Technical Definition of Problem
We have an N-sided dice that is able to roll at least 2 results, although we don't know what at what rate. These results MUST be independent of each other. The same N-sided dice MUST be rolled each time. Dice rolls MUST NOT influence future dice rolls. We need to emulate an X-sided dice where X is at least 2.
Solution
Step 1: Convert your dice into a coin
First we take the input dice and convert it into a potentially biased coin. How do we do that? Roll the dice until you get 2 different results, then pick one of the results you got. That can be your "Heads" result. The reason we wait until you get 2 different results is so you know more than 1 result is possible on the input dice. You now have a likely biased coin. For instance, if you rolled the 6-sided dice 4 times and got the results of 1, 1, 1, 4, then you can pick either 1 or 4 as your "Heads" result. For this example, let's pick 1 as the "Heads" result.

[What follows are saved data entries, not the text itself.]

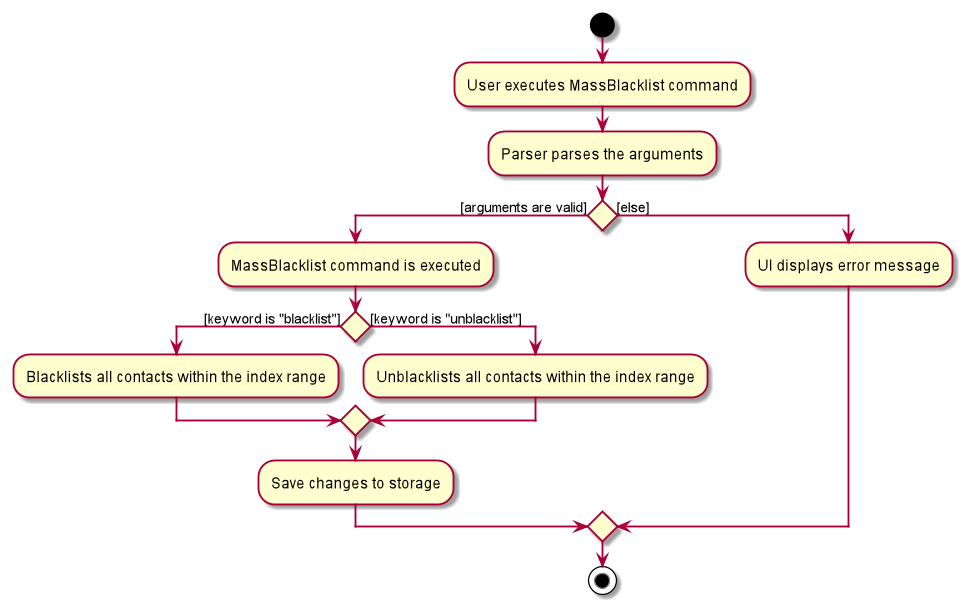

The diagram above was rendered by PlantUML. Its source (embedded in the PNG):
@startuml
start
:User executes MassBlacklist command;
:Parser parses the arguments;
if () then ([arguments are valid])
    :MassBlacklist command is executed;
if () then ([keyword is "blacklist"])
    :Blacklists all contacts within the index range;
else ([keyword is "unblacklist"])
    :Unblacklists all contacts within the index range;
endif
:Save changes to storage;
else ([else])
    :UI displays error message;
endif
stop
@enduml
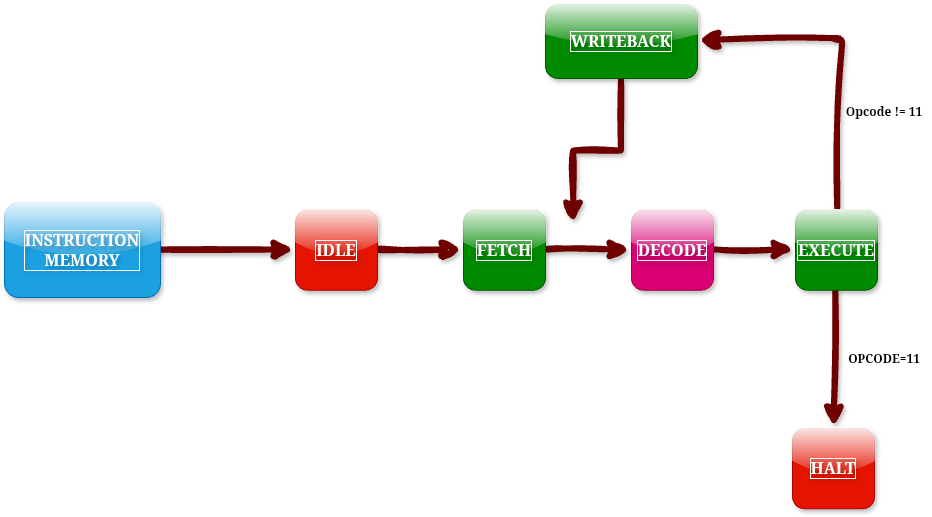

The diagram above was exported from draw.io. Its source (the exported page's mxGraphModel, read from the mxfile embedded in the PNG):
<mxGraphModel dx="1420" dy="2074" grid="0" gridSize="10" guides="1" tooltips="1" connect="1" arrows="1" fold="1" page="0" pageScale="1" pageWidth="850" pageHeight="1100" math="0" shadow="0">
  <root>
    <mxCell id="0" />
    <mxCell id="1" parent="0" />
    <mxCell id="HLrWAJiTcQfXjGIE09Mt-3" edge="1" parent="1" source="HLrWAJiTcQfXjGIE09Mt-1" style="edgeStyle=none;curved=1;rounded=0;sketch=1;hachureGap=4;jiggle=2;curveFitting=1;orthogonalLoop=1;jettySize=auto;html=1;fontFamily=Architects Daughter;fontSource=https%3A%2F%2Ffonts.googleapis.com%2Fcss%3Ffamily%3DArchitects%2BDaughter;fontSize=12;startSize=8;endSize=8;strokeWidth=6;fillColor=#a20025;strokeColor=#6F0000;sourcePerimeterSpacing=1;targetPerimeterSpacing=1;shadow=1;flowAnimation=1;exitX=1;exitY=0.5;exitDx=0;exitDy=0;" target="HLrWAJiTcQfXjGIE09Mt-2" value="">
      <mxGeometry relative="1" as="geometry">
        <mxPoint x="216" y="176" as="sourcePoint" />
      </mxGeometry>
    </mxCell>
    <mxCell id="HLrWAJiTcQfXjGIE09Mt-1" parent="1" style="text;html=1;whiteSpace=wrap;strokeColor=#006EAF;fillColor=#1ba1e2;align=center;verticalAlign=middle;rounded=1;fontSize=16;fontFamily=Times New Roman;fontColor=#ffffff;fontStyle=1;textShadow=1;labelBackgroundColor=none;labelBorderColor=#FFFFFF;glass=1;shadow=1;" value="INSTRUCTION&lt;div&gt;MEMORY&lt;/div&gt;" vertex="1">
      <mxGeometry height="95" width="156" x="-14" y="106.01" as="geometry" />
    </mxCell>
    <mxCell id="HLrWAJiTcQfXjGIE09Mt-11" edge="1" parent="1" source="HLrWAJiTcQfXjGIE09Mt-2" style="edgeStyle=none;shape=connector;curved=1;rounded=0;sketch=1;hachureGap=4;jiggle=2;curveFitting=1;orthogonalLoop=1;jettySize=auto;html=1;shadow=1;strokeColor=#6F0000;strokeWidth=6;align=center;verticalAlign=middle;fontFamily=Architects Daughter;fontSource=https%3A%2F%2Ffonts.googleapis.com%2Fcss%3Ffamily%3DArchitects%2BDaughter;fontSize=12;fontColor=default;labelBackgroundColor=default;startSize=8;endArrow=classic;endSize=8;flowAnimation=1;sourcePerimeterSpacing=1;targetPerimeterSpacing=1;fillColor=#a20025;" target="HLrWAJiTcQfXjGIE09Mt-10" value="">
      <mxGeometry relative="1" as="geometry" />
    </mxCell>
    <mxCell id="HLrWAJiTcQfXjGIE09Mt-2" parent="1" style="text;html=1;whiteSpace=wrap;strokeColor=#B20000;fillColor=#e51400;align=center;verticalAlign=middle;rounded=1;fontSize=16;fontFamily=Times New Roman;fontColor=#ffffff;fontStyle=1;textShadow=1;labelBackgroundColor=none;labelBorderColor=#FFFFFF;glass=1;shadow=1;" value="IDLE" vertex="1">
      <mxGeometry height="80.25" width="82" x="277" y="113.38000000000001" as="geometry" />
    </mxCell>
    <mxCell id="HLrWAJiTcQfXjGIE09Mt-13" edge="1" parent="1" source="HLrWAJiTcQfXjGIE09Mt-10" style="edgeStyle=none;shape=connector;curved=1;rounded=0;sketch=1;hachureGap=4;jiggle=2;curveFitting=1;orthogonalLoop=1;jettySize=auto;html=1;shadow=1;strokeColor=#6F0000;strokeWidth=6;align=center;verticalAlign=middle;fontFamily=Architects Daughter;fontSource=https%3A%2F%2Ffonts.googleapis.com%2Fcss%3Ffamily%3DArchitects%2BDaughter;fontSize=12;fontColor=default;labelBackgroundColor=default;startSize=8;endArrow=classic;endSize=8;flowAnimation=1;sourcePerimeterSpacing=1;targetPerimeterSpacing=1;fillColor=#a20025;" target="HLrWAJiTcQfXjGIE09Mt-12" value="">
      <mxGeometry relative="1" as="geometry" />
    </mxCell>
    <mxCell id="HLrWAJiTcQfXjGIE09Mt-10" parent="1" style="text;html=1;whiteSpace=wrap;strokeColor=#005700;fillColor=#008a00;align=center;verticalAlign=middle;rounded=1;fontSize=16;fontFamily=Times New Roman;fontColor=#ffffff;fontStyle=1;textShadow=1;labelBackgroundColor=none;labelBorderColor=#FFFFFF;glass=1;shadow=1;" value="FETCH" vertex="1">
      <mxGeometry height="80.25" width="82" x="445" y="113.38" as="geometry" />
    </mxCell>
    <mxCell id="HLrWAJiTcQfXjGIE09Mt-15" edge="1" parent="1" source="HLrWAJiTcQfXjGIE09Mt-12" style="edgeStyle=none;shape=connector;curved=1;rounded=0;sketch=1;hachureGap=4;jiggle=2;curveFitting=1;orthogonalLoop=1;jettySize=auto;html=1;shadow=1;strokeColor=#6F0000;strokeWidth=6;align=center;verticalAlign=middle;fontFamily=Architects Daughter;fontSource=https%3A%2F%2Ffonts.googleapis.com%2Fcss%3Ffamily%3DArchitects%2BDaughter;fontSize=12;fontColor=default;labelBackgroundColor=default;startSize=8;endArrow=classic;endSize=8;flowAnimation=1;sourcePerimeterSpacing=1;targetPerimeterSpacing=1;fillColor=#a20025;" target="HLrWAJiTcQfXjGIE09Mt-14" value="">
      <mxGeometry relative="1" as="geometry" />
    </mxCell>
    <mxCell id="HLrWAJiTcQfXjGIE09Mt-12" parent="1" style="text;html=1;whiteSpace=wrap;strokeColor=#A50040;fillColor=#d80073;align=center;verticalAlign=middle;rounded=1;fontSize=16;fontFamily=Times New Roman;fontColor=#ffffff;fontStyle=1;textShadow=1;labelBackgroundColor=none;labelBorderColor=#FFFFFF;glass=1;shadow=1;" value="DECODE" vertex="1">
      <mxGeometry height="80.25" width="82" x="613" y="113.38" as="geometry" />
    </mxCell>
    <mxCell id="HLrWAJiTcQfXjGIE09Mt-19" edge="1" parent="1" source="HLrWAJiTcQfXjGIE09Mt-14" style="edgeStyle=none;shape=connector;curved=0;rounded=1;sketch=1;hachureGap=4;jiggle=2;curveFitting=1;orthogonalLoop=1;jettySize=auto;html=1;shadow=1;strokeColor=#6F0000;strokeWidth=6;align=center;verticalAlign=middle;fontFamily=Architects Daughter;fontSource=https%3A%2F%2Ffonts.googleapis.com%2Fcss%3Ffamily%3DArchitects%2BDaughter;fontSize=12;fontColor=default;labelBackgroundColor=default;startSize=8;endArrow=classic;endSize=8;flowAnimation=1;sourcePerimeterSpacing=1;targetPerimeterSpacing=1;fillColor=#a20025;" target="HLrWAJiTcQfXjGIE09Mt-18" value="">
      <mxGeometry relative="1" as="geometry">
        <Array as="points">
          <mxPoint x="824" y="-58" />
        </Array>
      </mxGeometry>
    </mxCell>
    <mxCell id="HLrWAJiTcQfXjGIE09Mt-25" edge="1" parent="1" source="HLrWAJiTcQfXjGIE09Mt-14" style="edgeStyle=none;shape=connector;curved=1;rounded=0;sketch=1;hachureGap=4;jiggle=2;curveFitting=1;orthogonalLoop=1;jettySize=auto;html=1;shadow=1;strokeColor=#6F0000;strokeWidth=6;align=center;verticalAlign=middle;fontFamily=Architects Daughter;fontSource=https%3A%2F%2Ffonts.googleapis.com%2Fcss%3Ffamily%3DArchitects%2BDaughter;fontSize=12;fontColor=default;labelBackgroundColor=default;startSize=8;endArrow=classic;endSize=8;flowAnimation=1;sourcePerimeterSpacing=1;targetPerimeterSpacing=1;fillColor=#a20025;" target="HLrWAJiTcQfXjGIE09Mt-24" value="">
      <mxGeometry relative="1" as="geometry" />
    </mxCell>
    <mxCell id="HLrWAJiTcQfXjGIE09Mt-14" parent="1" style="text;html=1;whiteSpace=wrap;strokeColor=#005700;fillColor=#008a00;align=center;verticalAlign=middle;rounded=1;fontSize=16;fontFamily=Times New Roman;fontColor=#ffffff;fontStyle=1;textShadow=1;labelBackgroundColor=none;labelBorderColor=#FFFFFF;glass=1;shadow=1;" value="EXECUTE" vertex="1">
      <mxGeometry height="80.25" width="82" x="777" y="113.38" as="geometry" />
    </mxCell>
    <mxCell id="HLrWAJiTcQfXjGIE09Mt-20" edge="1" parent="1" source="HLrWAJiTcQfXjGIE09Mt-18" style="edgeStyle=orthogonalEdgeStyle;shape=connector;rounded=0;sketch=1;hachureGap=4;jiggle=2;curveFitting=1;orthogonalLoop=1;jettySize=auto;html=1;shadow=1;strokeColor=#6F0000;strokeWidth=6;align=center;verticalAlign=middle;fontFamily=Architects Daughter;fontSource=https%3A%2F%2Ffonts.googleapis.com%2Fcss%3Ffamily%3DArchitects%2BDaughter;fontSize=12;fontColor=default;labelBackgroundColor=default;startSize=8;endArrow=classic;endSize=8;flowAnimation=1;sourcePerimeterSpacing=1;targetPerimeterSpacing=1;fillColor=#a20025;">
      <mxGeometry relative="1" as="geometry">
        <mxPoint x="555" y="127" as="targetPoint" />
      </mxGeometry>
    </mxCell>
    <mxCell id="HLrWAJiTcQfXjGIE09Mt-18" parent="1" style="text;html=1;whiteSpace=wrap;strokeColor=#005700;fillColor=#008a00;align=center;verticalAlign=middle;rounded=1;fontSize=16;fontFamily=Times New Roman;fontColor=#ffffff;fontStyle=1;textShadow=1;labelBackgroundColor=none;labelBorderColor=#FFFFFF;glass=1;shadow=1;arcSize=17;" value="WRITEBACK" vertex="1">
      <mxGeometry height="74" width="152" x="527" y="-92" as="geometry" />
    </mxCell>
    <mxCell id="HLrWAJiTcQfXjGIE09Mt-23" parent="1" style="text;html=1;whiteSpace=wrap;strokeColor=none;fillColor=none;align=center;verticalAlign=middle;rounded=0;fontSize=12;fontFamily=Times New Roman;fontColor=default;labelBackgroundColor=default;fontStyle=1" value="Opcode != 11" vertex="1">
      <mxGeometry height="41" width="94" x="819" y="-5" as="geometry" />
    </mxCell>
    <mxCell id="HLrWAJiTcQfXjGIE09Mt-24" parent="1" style="text;html=1;whiteSpace=wrap;strokeColor=#B20000;fillColor=#e51400;align=center;verticalAlign=middle;rounded=1;fontSize=16;fontFamily=Times New Roman;fontColor=#ffffff;fontStyle=1;textShadow=1;labelBackgroundColor=none;labelBorderColor=#FFFFFF;glass=1;shadow=1;" value="HALT" vertex="1">
      <mxGeometry height="80.25" width="82" x="774" y="332" as="geometry" />
    </mxCell>
    <mxCell id="HLrWAJiTcQfXjGIE09Mt-26" parent="1" style="text;html=1;whiteSpace=wrap;strokeColor=none;fillColor=none;align=center;verticalAlign=middle;rounded=0;fontSize=12;fontFamily=Times New Roman;fontColor=default;labelBackgroundColor=default;fontStyle=1" value="OPCODE=11" vertex="1">
      <mxGeometry height="30" width="60" x="836" y="248" as="geometry" />
    </mxCell>
  </root>
</mxGraphModel>

Now any time you roll a 1, think "Heads" and any time you roll something else, think "Tails".
Step 2: Debias the coin flip results
For this step, we use the Von Neumann debiasing step to "coin flips". Do 2 "coin flips" with the dice as explained above. You now have 4 possible results, which are "Heads Heads", "Heads Tails", "Tails Heads", and "Tails Tails". If your 2 results are the same, throw out the results and do 2 more "coin flips". Keep doing the 2 "coin flips" until you get 2 different results. At this point, you'll have either "Heads Tails" or "Tails Heads". The result for the debiased coin flip will be whatever flip happened first of the 2 flip set. If you got "Heads Tails", then "Heads" is the debiased result, otherwise if you got "Tails Heads", then "Tails" is the debiased result. The important thing is these 2 "coin flips" have to be seperate from every other 2 "coin flips", so no sharing any flip results among the sets of 2 flips. If you don't get 2 different flip results you MUST discard the 2 flip results and do another 2 flip results.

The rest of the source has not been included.